In the visual arts, our goal is not just the skills of painting or sculpting or drawing. Even more important than the acquisition of these skills is the creative process, the critical thinking that is involved in the content. Much of each project involves problem solving, critical thinking of a higher order, and lots of self-reflection as many of the “subjects” for the art project are the students themselves. In the process, they learn more about who they are as they grapple with the existential and sociological questions that are important to them. A ninth grader returned from high school to report that she noticed that River School students seem to discuss issues at a deeper, less superficial level than other students. Projects are evaluated by the class using rubrics and are done in a way that is respectful and meaningful.
In drama, it is less about the play and more about the process of knowing oneself, knowing human motivation to play a part. Through improvisation and journal writing, students are led to understand human behavior and then to understand themselves. The high level of respect for each other demanded by the teacher makes the class safe for students to look at themselves, to make mistakes without the fear of teasing from their peers.
The elective program is a vital part of our ability to reach our goals of students becoming responsible, respectful, resourceful, and responsive. When a strong sense of self is formed, when students have been supported in exploring who they are through the arts; they are more confident, more caring of others, and less needing to draw attention to themselves in unproductive ways.
This is a systems approach creating a school where all the elements in the school’s culture – explicit and implicit – are aligned to our theory and philosophy that is the root of our success in empowering students. When we empower student appropriately, giving them a voice while holding them accountable for their choices, achieving a school’s mission is a lot easier because we’re using the students as an important, often untapped, resource in a school.
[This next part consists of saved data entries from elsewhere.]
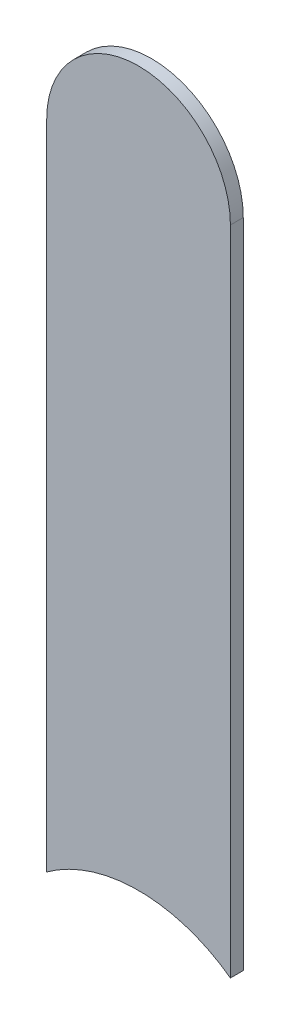
ISO-10303-21;
HEADER;
FILE_DESCRIPTION(('STEP AP214'),'2;1');
FILE_NAME('part.step','',(''),(''),'','','');
FILE_SCHEMA(('AUTOMOTIVE_DESIGN { 1 0 10303 214 1 1 1 1 }'));
ENDSEC;
DATA;
#1=APPLICATION_CONTEXT('core data for automotive mechanical design processes');
#2=APPLICATION_PROTOCOL_DEFINITION('international standard','automotive_design',2000,#1);
#3=PRODUCT_CONTEXT('',#1,'mechanical');
#4=PRODUCT('Part','Part','',(#3));
#5=PRODUCT_RELATED_PRODUCT_CATEGORY('part','',(#4));
#6=PRODUCT_DEFINITION_FORMATION('','',#4);
#7=PRODUCT_DEFINITION_CONTEXT('part definition',#1,'design');
#8=PRODUCT_DEFINITION('design','',#6,#7);
#9=PRODUCT_DEFINITION_SHAPE('','',#8);
#10=(LENGTH_UNIT() NAMED_UNIT(*) SI_UNIT(.MILLI.,.METRE.));
#11=(NAMED_UNIT(*) PLANE_ANGLE_UNIT() SI_UNIT($,.RADIAN.));
#12=(NAMED_UNIT(*) SI_UNIT($,.STERADIAN.) SOLID_ANGLE_UNIT());
#13=UNCERTAINTY_MEASURE_WITH_UNIT(LENGTH_MEASURE(1.E-05),#10,'distance_accuracy_value','');
#14=(GEOMETRIC_REPRESENTATION_CONTEXT(3) GLOBAL_UNCERTAINTY_ASSIGNED_CONTEXT((#13)) GLOBAL_UNIT_ASSIGNED_CONTEXT((#10,
#11,#12)) REPRESENTATION_CONTEXT('',''));
#15=CARTESIAN_POINT('',(0.,0.,0.));
#16=DIRECTION('',(0.,0.,1.));
#17=DIRECTION('',(1.,0.,0.));
#18=AXIS2_PLACEMENT_3D('',#15,#16,#17);
#19=CARTESIAN_POINT('',(172.208,-153.249,-0.035));
#20=DIRECTION('',(-1.,0.,0.));
#21=DIRECTION('',(0.,0.,1.));
#22=AXIS2_PLACEMENT_3D('',#19,#20,#21);
#23=PLANE('',#22);
#24=DIRECTION('',(0.,0.,1.));
#25=VECTOR('',#24,1.);
#26=CARTESIAN_POINT('',(172.208,-151.13,-0.035));
#27=LINE('',#26,#25);
#28=CARTESIAN_POINT('',(172.208,-151.13,-0.035));
#29=VERTEX_POINT('',#28);
#30=CARTESIAN_POINT('',(172.208,-151.13,0.));
#31=VERTEX_POINT('',#30);
#32=EDGE_CURVE('E11',#29,#31,#27,.T.);
#33=ORIENTED_EDGE('',*,*,#32,.T.);
#34=DIRECTION('',(0.,1.,0.));
#35=VECTOR('',#34,1.);
#36=CARTESIAN_POINT('',(172.208,-153.249,0.));
#37=LINE('',#36,#35);
#38=CARTESIAN_POINT('',(172.208,-152.9053068228,0.));
#39=VERTEX_POINT('',#38);
#40=EDGE_CURVE('E20',#39,#31,#37,.T.);
#41=ORIENTED_EDGE('',*,*,#40,.F.);
#42=DIRECTION('',(0.,0.,-1.));
#43=VECTOR('',#42,1.);
#44=CARTESIAN_POINT('',(172.208,-152.9053068228,-0.045));
#45=LINE('',#44,#43);
#46=CARTESIAN_POINT('',(172.208,-152.9053068228,-0.035));
#47=VERTEX_POINT('',#46);
#48=EDGE_CURVE('E57',#39,#47,#45,.T.);
#49=ORIENTED_EDGE('',*,*,#48,.T.);
#50=DIRECTION('',(0.,1.,0.));
#51=VECTOR('',#50,1.);
#52=CARTESIAN_POINT('',(172.208,-153.249,-0.035));
#53=LINE('',#52,#51);
#54=EDGE_CURVE('E107',#47,#29,#53,.T.);
#55=ORIENTED_EDGE('',*,*,#54,.T.);
#56=EDGE_LOOP('',(#33,#41,#49,#55));
#57=FACE_BOUND('',#56,.T.);
#58=ADVANCED_FACE('F17',(#57),#23,.F.);
#59=CARTESIAN_POINT('',(171.958,-151.13,-0.035));
#60=DIRECTION('',(0.,0.,-1.));
#61=DIRECTION('',(1.,0.,0.));
#62=AXIS2_PLACEMENT_3D('',#59,#60,#61);
#63=CYLINDRICAL_SURFACE('',#62,0.25);
#64=CARTESIAN_POINT('',(171.958,-151.13,-0.035));
#65=DIRECTION('',(0.,0.,1.));
#66=DIRECTION('',(1.,0.,0.));
#67=AXIS2_PLACEMENT_3D('',#64,#65,#66);
#68=CIRCLE('',#67,0.25);
#69=CARTESIAN_POINT('',(171.708,-151.13,-0.035));
#70=VERTEX_POINT('',#69);
#71=EDGE_CURVE('E83',#29,#70,#68,.T.);
#72=ORIENTED_EDGE('',*,*,#71,.T.);
#73=DIRECTION('',(0.,0.,1.));
#74=VECTOR('',#73,1.);
#75=CARTESIAN_POINT('',(171.708,-151.13,-0.035));
#76=LINE('',#75,#74);
#77=CARTESIAN_POINT('',(171.708,-151.13,0.));
#78=VERTEX_POINT('',#77);
#79=EDGE_CURVE('E81',#70,#78,#76,.T.);
#80=ORIENTED_EDGE('',*,*,#79,.T.);
#81=CARTESIAN_POINT('',(171.958,-151.13,0.));
#82=DIRECTION('',(0.,0.,1.));
#83=DIRECTION('',(1.,0.,0.));
#84=AXIS2_PLACEMENT_3D('',#81,#82,#83);
#85=CIRCLE('',#84,0.25);
#86=EDGE_CURVE('E72',#31,#78,#85,.T.);
#87=ORIENTED_EDGE('',*,*,#86,.F.);
#88=ORIENTED_EDGE('',*,*,#32,.F.);
#89=EDGE_LOOP('',(#72,#80,#87,#88));
#90=FACE_BOUND('',#89,.T.);
#91=ADVANCED_FACE('F82',(#90),#63,.T.);
#92=CARTESIAN_POINT('',(171.708,-151.13,0.));
#93=DIRECTION('',(0.,0.,1.));
#94=DIRECTION('',(1.,0.,0.));
#95=AXIS2_PLACEMENT_3D('',#92,#93,#94);
#96=PLANE('',#95);
#97=ORIENTED_EDGE('',*,*,#86,.T.);
#98=DIRECTION('',(0.,-1.,0.));
#99=VECTOR('',#98,1.);
#100=CARTESIAN_POINT('',(171.708,-151.13,0.));
#101=LINE('',#100,#99);
#102=CARTESIAN_POINT('',(171.708,-152.9053068228,0.));
#103=VERTEX_POINT('',#102);
#104=EDGE_CURVE('E77',#78,#103,#101,.T.);
#105=ORIENTED_EDGE('',*,*,#104,.T.);
#106=CARTESIAN_POINT('',(171.958,-153.249,0.));
#107=DIRECTION('',(0.,0.,-1.));
#108=DIRECTION('',(0.,-1.,0.));
#109=AXIS2_PLACEMENT_3D('',#106,#107,#108);
#110=CIRCLE('',#109,0.425);
#111=EDGE_CURVE('E102',#103,#39,#110,.T.);
#112=ORIENTED_EDGE('',*,*,#111,.T.);
#113=ORIENTED_EDGE('',*,*,#40,.T.);
#114=EDGE_LOOP('',(#97,#105,#112,#113));
#115=FACE_BOUND('',#114,.T.);
#116=ADVANCED_FACE('F74',(#115),#96,.T.);
#117=CARTESIAN_POINT('',(171.958,-153.249,-0.045));
#118=DIRECTION('',(0.,0.,-1.));
#119=DIRECTION('',(0.,-1.,0.));
#120=AXIS2_PLACEMENT_3D('',#117,#118,#119);
#121=CYLINDRICAL_SURFACE('',#120,0.425);
#122=ORIENTED_EDGE('',*,*,#111,.F.);
#123=DIRECTION('',(0.,0.,-1.));
#124=VECTOR('',#123,1.);
#125=CARTESIAN_POINT('',(171.708,-152.9053068228,-0.045));
#126=LINE('',#125,#124);
#127=CARTESIAN_POINT('',(171.708,-152.9053068228,-0.035));
#128=VERTEX_POINT('',#127);
#129=EDGE_CURVE('E92',#103,#128,#126,.T.);
#130=ORIENTED_EDGE('',*,*,#129,.T.);
#131=CARTESIAN_POINT('',(171.958,-153.249,-0.035));
#132=DIRECTION('',(0.,0.,-1.));
#133=DIRECTION('',(0.,-1.,0.));
#134=AXIS2_PLACEMENT_3D('',#131,#132,#133);
#135=CIRCLE('',#134,0.425);
#136=EDGE_CURVE('E110',#128,#47,#135,.T.);
#137=ORIENTED_EDGE('',*,*,#136,.T.);
#138=ORIENTED_EDGE('',*,*,#48,.F.);
#139=EDGE_LOOP('',(#122,#130,#137,#138));
#140=FACE_BOUND('',#139,.T.);
#141=ADVANCED_FACE('F170',(#140),#121,.F.);
#142=CARTESIAN_POINT('',(171.708,-151.13,-0.035));
#143=DIRECTION('',(0.,0.,1.));
#144=DIRECTION('',(1.,0.,0.));
#145=AXIS2_PLACEMENT_3D('',#142,#143,#144);
#146=PLANE('',#145);
#147=ORIENTED_EDGE('',*,*,#54,.F.);
#148=ORIENTED_EDGE('',*,*,#136,.F.);
#149=DIRECTION('',(0.,-1.,0.));
#150=VECTOR('',#149,1.);
#151=CARTESIAN_POINT('',(171.708,-151.13,-0.035));
#152=LINE('',#151,#150);
#153=EDGE_CURVE('E88',#70,#128,#152,.T.);
#154=ORIENTED_EDGE('',*,*,#153,.F.);
#155=ORIENTED_EDGE('',*,*,#71,.F.);
#156=EDGE_LOOP('',(#147,#148,#154,#155));
#157=FACE_BOUND('',#156,.T.);
#158=ADVANCED_FACE('F160',(#157),#146,.F.);
#159=CARTESIAN_POINT('',(171.708,-151.13,-0.035));
#160=DIRECTION('',(1.,0.,0.));
#161=DIRECTION('',(0.,1.,0.));
#162=AXIS2_PLACEMENT_3D('',#159,#160,#161);
#163=PLANE('',#162);
#164=ORIENTED_EDGE('',*,*,#129,.F.);
#165=ORIENTED_EDGE('',*,*,#104,.F.);
#166=ORIENTED_EDGE('',*,*,#79,.F.);
#167=ORIENTED_EDGE('',*,*,#153,.T.);
#168=EDGE_LOOP('',(#164,#165,#166,#167));
#169=FACE_BOUND('',#168,.T.);
#170=ADVANCED_FACE('F90',(#169),#163,.F.);
#171=CLOSED_SHELL('',(#58,#91,#116,#141,#158,#170));
#172=MANIFOLD_SOLID_BREP('B1',#171);
#173=ADVANCED_BREP_SHAPE_REPRESENTATION('',(#18,#172),#14);
#174=SHAPE_DEFINITION_REPRESENTATION(#9,#173);
ENDSEC;
END-ISO-10303-21;

And when all of the participants – teachers, parents, and students – are learners and open to possibilities; then amazing results can occur.
As Peter Senge in The Fifth Discipline said:
System thinking makes understandable the subtlest aspects of the learning organization – the new way individuals perceive themselves and their world. At the heart of a learning organization is a shift of mind – from seeing ourselves as separate from the world to connected to the world, from seeing problems as caused by someone or something “out there” to seeing how our own actions create the problems we experience. A learning organization is a place where people are continually discovering how they create their reality. And how they can change it.[23]
By paying attention to the context, we create an environment in which our students become strong individuals who flourish and learn as conscious, responsible human beings, necessary for the maintenance of a healthy democratic society.